> _Data provided_
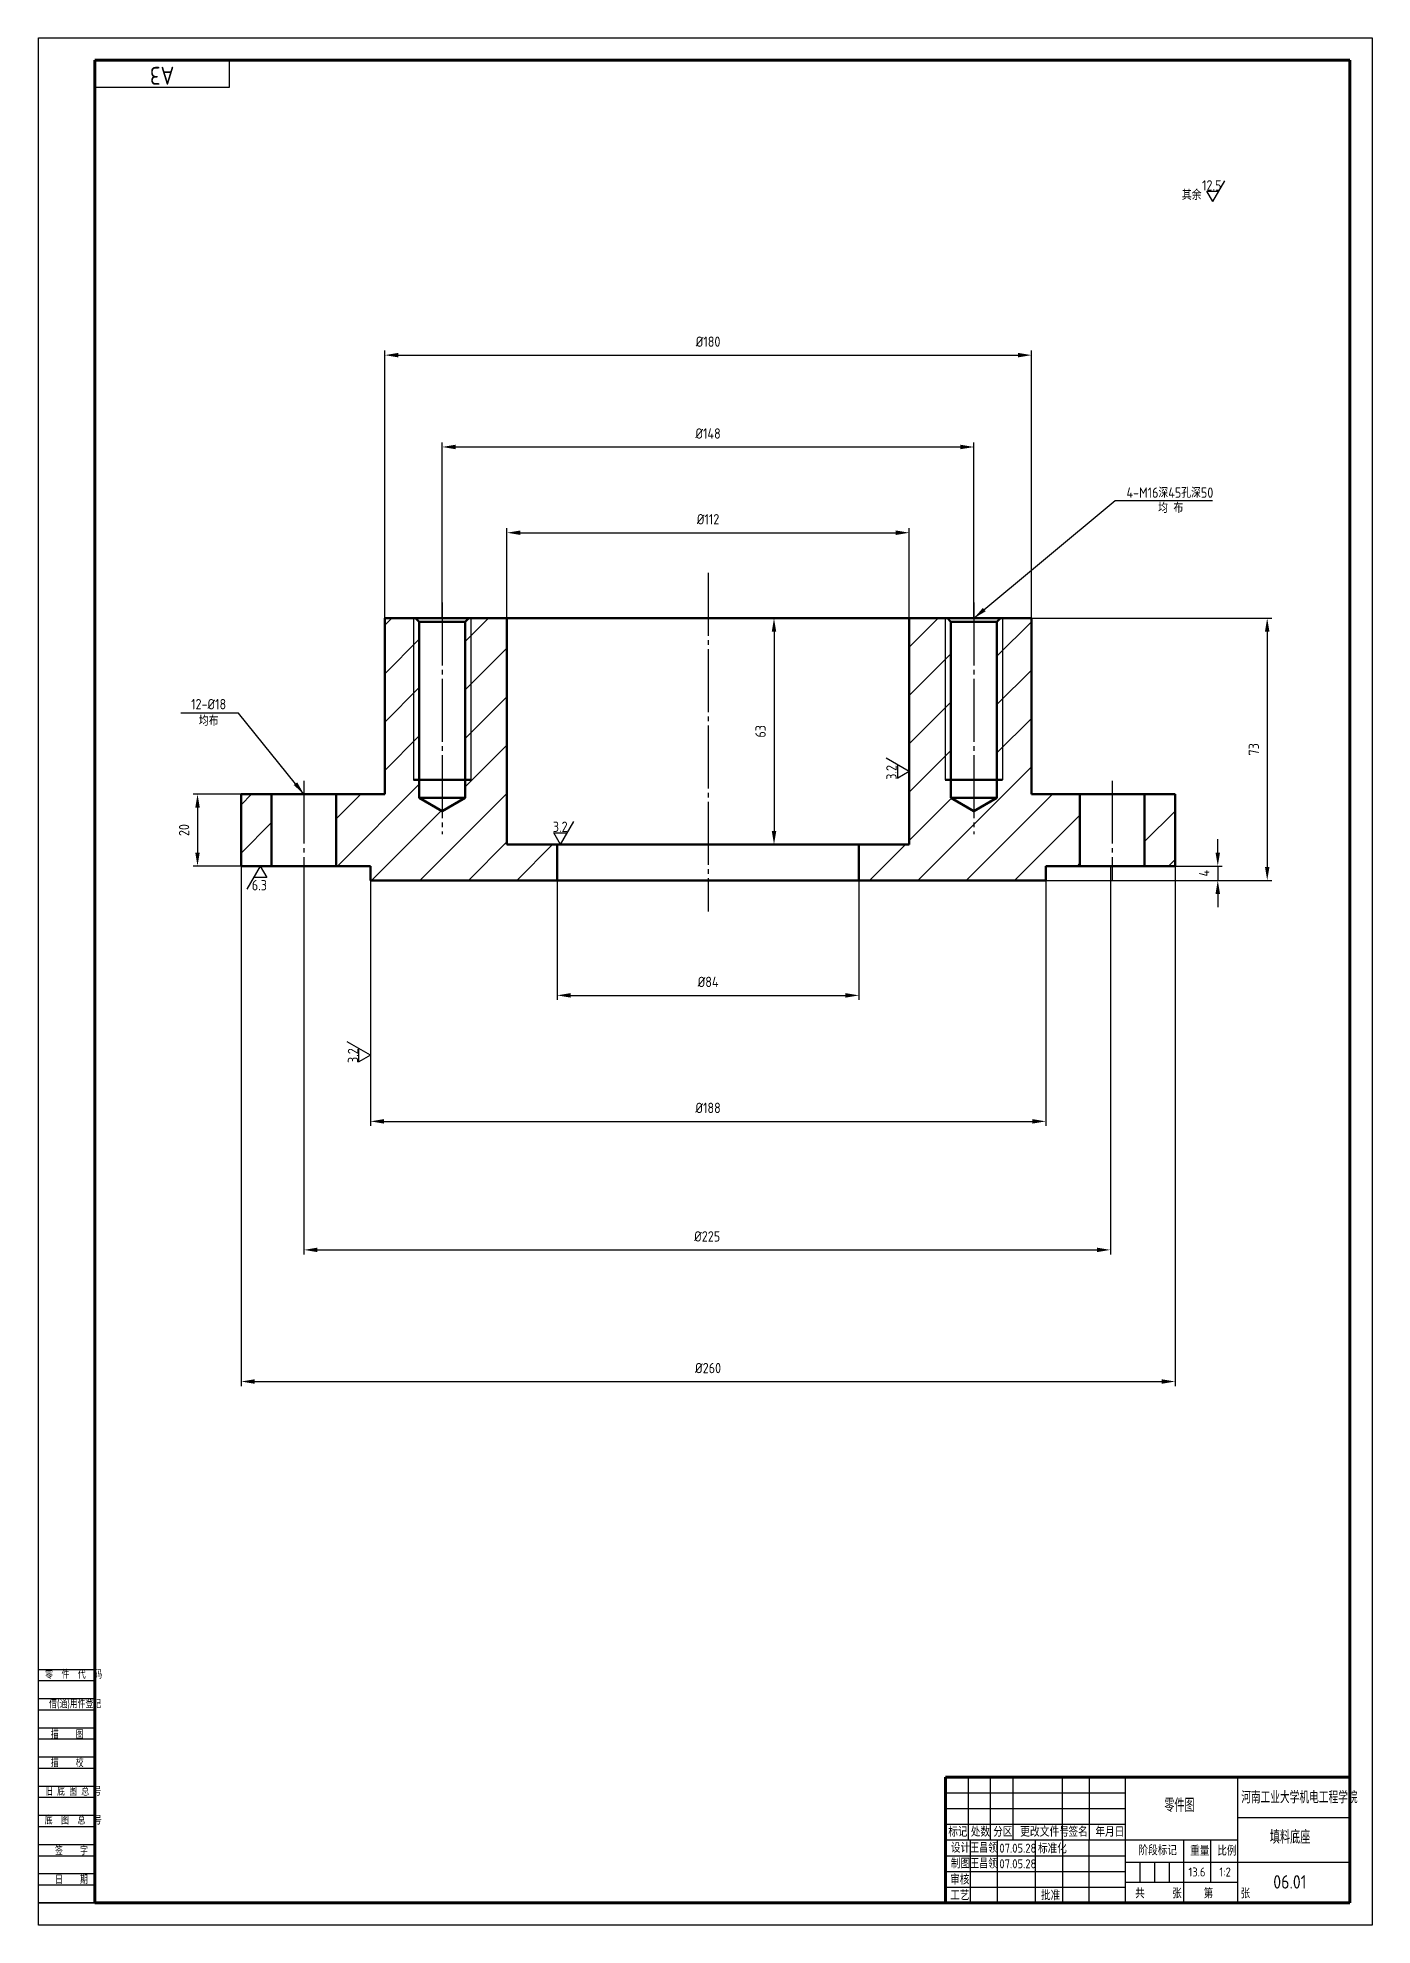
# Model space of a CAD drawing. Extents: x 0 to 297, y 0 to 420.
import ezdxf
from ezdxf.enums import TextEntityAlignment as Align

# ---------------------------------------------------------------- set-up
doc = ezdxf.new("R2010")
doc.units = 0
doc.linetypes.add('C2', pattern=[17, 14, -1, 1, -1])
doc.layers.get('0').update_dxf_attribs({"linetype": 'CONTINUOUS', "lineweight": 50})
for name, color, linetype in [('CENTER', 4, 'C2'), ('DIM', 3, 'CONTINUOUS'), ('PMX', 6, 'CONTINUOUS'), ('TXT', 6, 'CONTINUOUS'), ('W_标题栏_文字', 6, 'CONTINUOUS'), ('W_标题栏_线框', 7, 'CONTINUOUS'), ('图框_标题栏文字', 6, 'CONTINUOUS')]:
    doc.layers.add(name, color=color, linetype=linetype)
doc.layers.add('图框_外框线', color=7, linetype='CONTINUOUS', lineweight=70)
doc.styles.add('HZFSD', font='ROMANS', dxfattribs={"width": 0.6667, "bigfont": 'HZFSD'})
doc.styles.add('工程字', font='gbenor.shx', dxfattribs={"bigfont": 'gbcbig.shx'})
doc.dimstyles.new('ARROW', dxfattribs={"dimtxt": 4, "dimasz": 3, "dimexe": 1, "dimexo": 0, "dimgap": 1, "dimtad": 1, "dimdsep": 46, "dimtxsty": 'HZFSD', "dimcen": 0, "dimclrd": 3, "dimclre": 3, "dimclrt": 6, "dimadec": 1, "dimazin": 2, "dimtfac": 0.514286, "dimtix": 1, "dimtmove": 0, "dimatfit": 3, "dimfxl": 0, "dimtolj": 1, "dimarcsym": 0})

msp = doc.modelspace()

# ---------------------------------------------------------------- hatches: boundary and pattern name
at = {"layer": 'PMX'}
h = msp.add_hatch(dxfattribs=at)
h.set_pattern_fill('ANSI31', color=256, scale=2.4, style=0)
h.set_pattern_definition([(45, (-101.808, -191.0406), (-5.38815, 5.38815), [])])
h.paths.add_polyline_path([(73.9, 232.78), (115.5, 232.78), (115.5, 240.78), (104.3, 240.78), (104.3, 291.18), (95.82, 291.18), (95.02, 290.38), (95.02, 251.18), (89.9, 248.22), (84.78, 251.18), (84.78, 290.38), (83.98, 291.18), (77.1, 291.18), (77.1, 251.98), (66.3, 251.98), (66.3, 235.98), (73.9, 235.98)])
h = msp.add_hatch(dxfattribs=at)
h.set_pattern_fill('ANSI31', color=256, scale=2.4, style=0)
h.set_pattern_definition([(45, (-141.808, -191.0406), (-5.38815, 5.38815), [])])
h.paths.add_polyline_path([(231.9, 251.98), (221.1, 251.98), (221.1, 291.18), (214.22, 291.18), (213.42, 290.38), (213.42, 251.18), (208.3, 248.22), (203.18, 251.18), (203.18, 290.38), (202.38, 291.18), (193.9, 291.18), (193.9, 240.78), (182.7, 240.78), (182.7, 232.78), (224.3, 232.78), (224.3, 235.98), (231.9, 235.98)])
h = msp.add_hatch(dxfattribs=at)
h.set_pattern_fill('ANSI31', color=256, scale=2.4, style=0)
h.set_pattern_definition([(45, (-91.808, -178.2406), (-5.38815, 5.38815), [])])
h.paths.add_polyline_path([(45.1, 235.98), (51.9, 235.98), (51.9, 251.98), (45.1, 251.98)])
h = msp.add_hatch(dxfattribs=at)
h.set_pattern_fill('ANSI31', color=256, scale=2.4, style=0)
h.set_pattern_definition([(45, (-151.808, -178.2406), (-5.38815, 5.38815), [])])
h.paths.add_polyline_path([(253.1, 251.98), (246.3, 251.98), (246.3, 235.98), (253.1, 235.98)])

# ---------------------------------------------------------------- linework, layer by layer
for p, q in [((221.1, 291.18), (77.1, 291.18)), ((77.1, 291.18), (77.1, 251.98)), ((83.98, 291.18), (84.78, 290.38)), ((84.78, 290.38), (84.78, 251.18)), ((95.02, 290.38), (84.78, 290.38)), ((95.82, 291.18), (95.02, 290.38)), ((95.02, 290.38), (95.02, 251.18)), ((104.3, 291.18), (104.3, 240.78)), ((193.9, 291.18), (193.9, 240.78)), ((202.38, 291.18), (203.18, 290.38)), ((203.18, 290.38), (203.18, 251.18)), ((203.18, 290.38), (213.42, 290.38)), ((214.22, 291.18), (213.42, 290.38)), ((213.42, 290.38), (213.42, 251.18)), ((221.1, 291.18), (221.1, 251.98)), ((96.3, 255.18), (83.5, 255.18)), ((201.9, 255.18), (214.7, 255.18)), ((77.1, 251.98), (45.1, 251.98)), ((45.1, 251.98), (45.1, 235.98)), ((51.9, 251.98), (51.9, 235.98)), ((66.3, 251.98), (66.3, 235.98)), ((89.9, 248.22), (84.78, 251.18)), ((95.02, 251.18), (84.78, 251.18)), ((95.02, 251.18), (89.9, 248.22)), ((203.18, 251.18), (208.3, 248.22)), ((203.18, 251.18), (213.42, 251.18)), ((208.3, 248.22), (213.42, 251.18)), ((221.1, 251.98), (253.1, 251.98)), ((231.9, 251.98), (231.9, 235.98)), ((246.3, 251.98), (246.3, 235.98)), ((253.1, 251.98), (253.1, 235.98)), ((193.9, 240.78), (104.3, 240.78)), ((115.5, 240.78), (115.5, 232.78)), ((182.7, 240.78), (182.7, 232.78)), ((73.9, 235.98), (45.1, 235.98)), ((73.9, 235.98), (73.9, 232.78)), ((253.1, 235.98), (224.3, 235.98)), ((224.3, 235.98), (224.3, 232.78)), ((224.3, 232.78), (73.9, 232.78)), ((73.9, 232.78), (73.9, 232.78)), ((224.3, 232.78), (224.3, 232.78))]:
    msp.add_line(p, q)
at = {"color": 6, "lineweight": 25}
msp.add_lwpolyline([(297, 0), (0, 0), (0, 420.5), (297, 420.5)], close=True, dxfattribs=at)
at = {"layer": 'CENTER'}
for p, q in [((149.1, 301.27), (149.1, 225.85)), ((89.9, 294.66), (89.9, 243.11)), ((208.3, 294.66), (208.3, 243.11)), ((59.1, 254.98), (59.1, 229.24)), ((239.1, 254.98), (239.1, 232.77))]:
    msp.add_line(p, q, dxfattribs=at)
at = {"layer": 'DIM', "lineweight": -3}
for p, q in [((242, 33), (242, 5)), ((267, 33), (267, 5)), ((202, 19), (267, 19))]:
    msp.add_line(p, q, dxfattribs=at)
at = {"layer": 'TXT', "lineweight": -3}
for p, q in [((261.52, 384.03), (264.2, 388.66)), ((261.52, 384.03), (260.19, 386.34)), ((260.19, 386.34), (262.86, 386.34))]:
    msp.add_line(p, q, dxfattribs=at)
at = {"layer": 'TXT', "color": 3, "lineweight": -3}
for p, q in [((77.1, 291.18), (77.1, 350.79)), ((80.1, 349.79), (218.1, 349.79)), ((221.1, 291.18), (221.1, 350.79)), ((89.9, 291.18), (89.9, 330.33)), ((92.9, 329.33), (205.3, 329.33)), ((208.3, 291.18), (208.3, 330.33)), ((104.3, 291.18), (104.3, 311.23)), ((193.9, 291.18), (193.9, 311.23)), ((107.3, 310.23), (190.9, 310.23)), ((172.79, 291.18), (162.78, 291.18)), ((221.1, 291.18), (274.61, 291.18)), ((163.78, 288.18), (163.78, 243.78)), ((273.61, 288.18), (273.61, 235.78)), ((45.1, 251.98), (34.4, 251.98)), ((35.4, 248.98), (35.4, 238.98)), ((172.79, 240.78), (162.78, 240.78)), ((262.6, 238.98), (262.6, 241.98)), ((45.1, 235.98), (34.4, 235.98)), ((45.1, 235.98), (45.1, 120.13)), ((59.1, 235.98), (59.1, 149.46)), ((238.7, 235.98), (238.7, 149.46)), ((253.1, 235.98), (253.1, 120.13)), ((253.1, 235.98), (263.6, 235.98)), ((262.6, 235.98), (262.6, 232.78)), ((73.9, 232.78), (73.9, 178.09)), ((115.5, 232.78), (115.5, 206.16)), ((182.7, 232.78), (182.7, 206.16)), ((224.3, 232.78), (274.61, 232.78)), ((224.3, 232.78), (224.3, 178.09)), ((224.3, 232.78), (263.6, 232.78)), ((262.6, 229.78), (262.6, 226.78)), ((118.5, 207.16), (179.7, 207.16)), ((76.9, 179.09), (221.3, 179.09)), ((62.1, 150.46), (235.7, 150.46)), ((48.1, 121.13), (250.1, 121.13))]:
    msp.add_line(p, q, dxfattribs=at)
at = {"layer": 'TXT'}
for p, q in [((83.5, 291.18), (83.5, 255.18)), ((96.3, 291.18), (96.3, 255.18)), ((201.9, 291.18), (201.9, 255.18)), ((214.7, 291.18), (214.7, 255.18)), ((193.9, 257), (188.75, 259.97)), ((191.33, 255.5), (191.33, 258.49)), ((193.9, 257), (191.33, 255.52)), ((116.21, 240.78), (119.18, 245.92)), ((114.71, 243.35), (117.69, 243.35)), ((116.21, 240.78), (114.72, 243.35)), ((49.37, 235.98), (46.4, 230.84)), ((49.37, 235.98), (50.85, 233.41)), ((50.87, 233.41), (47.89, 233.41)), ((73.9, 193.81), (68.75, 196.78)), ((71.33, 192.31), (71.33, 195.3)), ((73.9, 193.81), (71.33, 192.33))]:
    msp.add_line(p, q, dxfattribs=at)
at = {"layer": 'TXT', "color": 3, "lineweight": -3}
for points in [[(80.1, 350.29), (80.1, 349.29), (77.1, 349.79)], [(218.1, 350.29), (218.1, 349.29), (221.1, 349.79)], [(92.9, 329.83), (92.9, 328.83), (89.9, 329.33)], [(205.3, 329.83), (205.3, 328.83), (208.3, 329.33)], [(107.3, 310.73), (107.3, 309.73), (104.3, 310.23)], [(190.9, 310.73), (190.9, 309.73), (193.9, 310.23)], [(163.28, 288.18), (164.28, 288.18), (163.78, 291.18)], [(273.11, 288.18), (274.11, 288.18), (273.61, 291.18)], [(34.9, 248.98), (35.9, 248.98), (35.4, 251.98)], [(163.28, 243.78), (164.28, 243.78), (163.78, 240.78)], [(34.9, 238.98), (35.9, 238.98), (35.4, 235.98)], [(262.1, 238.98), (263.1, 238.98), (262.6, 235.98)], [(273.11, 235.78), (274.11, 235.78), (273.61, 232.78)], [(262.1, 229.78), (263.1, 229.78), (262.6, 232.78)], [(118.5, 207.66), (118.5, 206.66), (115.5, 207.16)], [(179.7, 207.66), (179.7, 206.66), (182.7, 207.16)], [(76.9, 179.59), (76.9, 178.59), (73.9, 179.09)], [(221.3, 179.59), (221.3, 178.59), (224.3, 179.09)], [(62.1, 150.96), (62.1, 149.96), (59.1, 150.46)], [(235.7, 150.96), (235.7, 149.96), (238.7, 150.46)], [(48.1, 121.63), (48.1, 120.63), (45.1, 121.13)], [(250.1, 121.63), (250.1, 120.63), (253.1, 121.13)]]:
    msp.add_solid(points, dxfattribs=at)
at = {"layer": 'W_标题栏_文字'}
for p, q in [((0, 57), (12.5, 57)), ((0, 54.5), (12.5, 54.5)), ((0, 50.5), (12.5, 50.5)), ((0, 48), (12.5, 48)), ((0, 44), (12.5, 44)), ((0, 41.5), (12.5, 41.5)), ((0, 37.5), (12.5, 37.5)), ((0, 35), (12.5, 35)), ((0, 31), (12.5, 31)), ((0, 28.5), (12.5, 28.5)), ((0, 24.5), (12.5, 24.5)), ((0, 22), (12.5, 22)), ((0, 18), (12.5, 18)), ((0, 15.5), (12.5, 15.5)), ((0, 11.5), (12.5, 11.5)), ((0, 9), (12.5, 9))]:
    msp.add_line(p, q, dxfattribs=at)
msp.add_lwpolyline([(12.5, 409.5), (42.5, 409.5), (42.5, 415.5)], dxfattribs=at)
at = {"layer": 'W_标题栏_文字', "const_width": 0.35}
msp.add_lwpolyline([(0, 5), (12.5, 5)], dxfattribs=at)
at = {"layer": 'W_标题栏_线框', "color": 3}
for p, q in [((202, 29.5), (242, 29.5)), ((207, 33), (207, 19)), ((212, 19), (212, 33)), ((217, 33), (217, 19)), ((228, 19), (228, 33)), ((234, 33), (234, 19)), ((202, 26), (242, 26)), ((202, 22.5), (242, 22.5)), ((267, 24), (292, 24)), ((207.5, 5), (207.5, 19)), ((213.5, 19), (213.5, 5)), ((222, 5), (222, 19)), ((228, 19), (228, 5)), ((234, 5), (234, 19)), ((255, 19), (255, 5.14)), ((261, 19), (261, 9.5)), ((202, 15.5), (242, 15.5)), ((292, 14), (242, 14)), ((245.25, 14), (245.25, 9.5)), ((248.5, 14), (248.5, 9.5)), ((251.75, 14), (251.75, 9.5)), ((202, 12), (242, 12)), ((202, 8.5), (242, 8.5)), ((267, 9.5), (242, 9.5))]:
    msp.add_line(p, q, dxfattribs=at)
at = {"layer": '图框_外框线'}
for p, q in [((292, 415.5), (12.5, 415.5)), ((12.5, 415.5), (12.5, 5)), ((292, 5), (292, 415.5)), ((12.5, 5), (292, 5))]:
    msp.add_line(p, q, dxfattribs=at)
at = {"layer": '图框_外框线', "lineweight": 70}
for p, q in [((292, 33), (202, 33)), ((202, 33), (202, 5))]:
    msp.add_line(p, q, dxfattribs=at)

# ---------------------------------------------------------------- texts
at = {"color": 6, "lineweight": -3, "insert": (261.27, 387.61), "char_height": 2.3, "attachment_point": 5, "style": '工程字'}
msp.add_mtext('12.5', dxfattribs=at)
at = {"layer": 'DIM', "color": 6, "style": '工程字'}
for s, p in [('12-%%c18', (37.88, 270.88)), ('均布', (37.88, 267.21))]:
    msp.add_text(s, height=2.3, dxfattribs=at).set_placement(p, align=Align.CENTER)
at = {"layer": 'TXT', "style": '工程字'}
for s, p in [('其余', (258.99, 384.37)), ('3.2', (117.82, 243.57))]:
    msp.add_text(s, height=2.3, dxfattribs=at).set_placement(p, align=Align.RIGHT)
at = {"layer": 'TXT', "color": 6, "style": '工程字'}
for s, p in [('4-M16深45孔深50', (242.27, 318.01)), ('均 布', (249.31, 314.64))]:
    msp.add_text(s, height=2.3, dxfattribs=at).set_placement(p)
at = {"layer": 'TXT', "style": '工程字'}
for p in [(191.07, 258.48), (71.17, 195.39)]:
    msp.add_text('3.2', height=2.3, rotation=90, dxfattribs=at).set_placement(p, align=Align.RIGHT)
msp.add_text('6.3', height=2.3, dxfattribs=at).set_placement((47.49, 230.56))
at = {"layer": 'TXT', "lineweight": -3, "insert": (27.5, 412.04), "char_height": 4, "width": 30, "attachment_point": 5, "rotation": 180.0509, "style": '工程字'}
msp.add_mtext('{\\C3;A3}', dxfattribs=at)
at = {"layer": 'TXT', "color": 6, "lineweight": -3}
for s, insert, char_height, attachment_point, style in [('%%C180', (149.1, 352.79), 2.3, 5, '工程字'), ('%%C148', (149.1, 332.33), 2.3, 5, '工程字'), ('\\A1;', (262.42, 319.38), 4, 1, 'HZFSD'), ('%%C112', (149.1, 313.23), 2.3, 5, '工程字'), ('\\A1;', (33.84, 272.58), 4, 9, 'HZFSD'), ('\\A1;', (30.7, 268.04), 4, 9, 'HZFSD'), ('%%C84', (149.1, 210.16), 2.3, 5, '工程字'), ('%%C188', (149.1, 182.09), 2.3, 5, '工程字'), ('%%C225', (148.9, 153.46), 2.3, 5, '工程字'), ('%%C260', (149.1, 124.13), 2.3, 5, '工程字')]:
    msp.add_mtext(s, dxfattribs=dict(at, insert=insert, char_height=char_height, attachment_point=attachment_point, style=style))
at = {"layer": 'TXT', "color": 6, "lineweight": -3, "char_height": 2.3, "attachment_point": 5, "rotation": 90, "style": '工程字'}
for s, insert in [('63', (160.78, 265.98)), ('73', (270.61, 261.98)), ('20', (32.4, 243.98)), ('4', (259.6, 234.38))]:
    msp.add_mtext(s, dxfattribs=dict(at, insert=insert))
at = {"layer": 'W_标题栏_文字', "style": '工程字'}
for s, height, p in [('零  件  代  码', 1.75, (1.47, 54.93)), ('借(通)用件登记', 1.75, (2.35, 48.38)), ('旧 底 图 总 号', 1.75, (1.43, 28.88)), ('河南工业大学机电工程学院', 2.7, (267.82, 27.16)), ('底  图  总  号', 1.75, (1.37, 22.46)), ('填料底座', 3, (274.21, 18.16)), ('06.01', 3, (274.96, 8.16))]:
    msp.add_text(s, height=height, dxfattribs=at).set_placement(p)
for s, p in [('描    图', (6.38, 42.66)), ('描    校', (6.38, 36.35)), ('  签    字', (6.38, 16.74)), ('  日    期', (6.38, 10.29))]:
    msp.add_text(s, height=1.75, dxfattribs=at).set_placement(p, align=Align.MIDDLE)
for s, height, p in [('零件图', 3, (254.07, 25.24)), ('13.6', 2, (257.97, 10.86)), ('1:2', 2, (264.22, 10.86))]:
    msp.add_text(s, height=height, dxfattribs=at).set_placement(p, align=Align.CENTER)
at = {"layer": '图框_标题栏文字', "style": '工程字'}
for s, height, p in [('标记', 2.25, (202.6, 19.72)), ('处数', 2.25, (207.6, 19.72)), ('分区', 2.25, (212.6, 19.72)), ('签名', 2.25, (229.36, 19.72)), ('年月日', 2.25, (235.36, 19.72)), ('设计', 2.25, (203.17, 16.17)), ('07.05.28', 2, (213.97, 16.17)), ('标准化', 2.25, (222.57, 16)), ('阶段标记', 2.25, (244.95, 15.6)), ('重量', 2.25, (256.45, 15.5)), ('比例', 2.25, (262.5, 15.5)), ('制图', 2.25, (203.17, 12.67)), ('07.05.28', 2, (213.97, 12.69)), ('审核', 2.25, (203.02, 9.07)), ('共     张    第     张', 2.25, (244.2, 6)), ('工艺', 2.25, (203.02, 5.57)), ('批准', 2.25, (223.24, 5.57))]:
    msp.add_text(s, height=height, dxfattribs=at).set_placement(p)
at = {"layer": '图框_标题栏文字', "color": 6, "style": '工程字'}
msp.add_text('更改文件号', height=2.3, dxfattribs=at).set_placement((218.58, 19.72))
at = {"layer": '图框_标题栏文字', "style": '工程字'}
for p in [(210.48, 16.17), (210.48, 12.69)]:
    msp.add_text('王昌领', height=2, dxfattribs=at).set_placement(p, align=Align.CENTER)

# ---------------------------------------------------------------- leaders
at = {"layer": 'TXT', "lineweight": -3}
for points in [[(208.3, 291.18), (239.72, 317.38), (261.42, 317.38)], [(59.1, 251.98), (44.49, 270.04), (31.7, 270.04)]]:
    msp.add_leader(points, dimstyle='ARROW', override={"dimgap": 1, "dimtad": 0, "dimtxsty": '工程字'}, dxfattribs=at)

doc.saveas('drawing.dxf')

> _Work to complete_
Go through the records above and return every line that holds the string "dict".

> _Output for this exercise_
    msp.add_mtext(s, dxfattribs=dict(at, insert=insert, char_height=char_height, attachment_point=attachment_point, style=style))
    msp.add_mtext(s, dxfattribs=dict(at, insert=insert))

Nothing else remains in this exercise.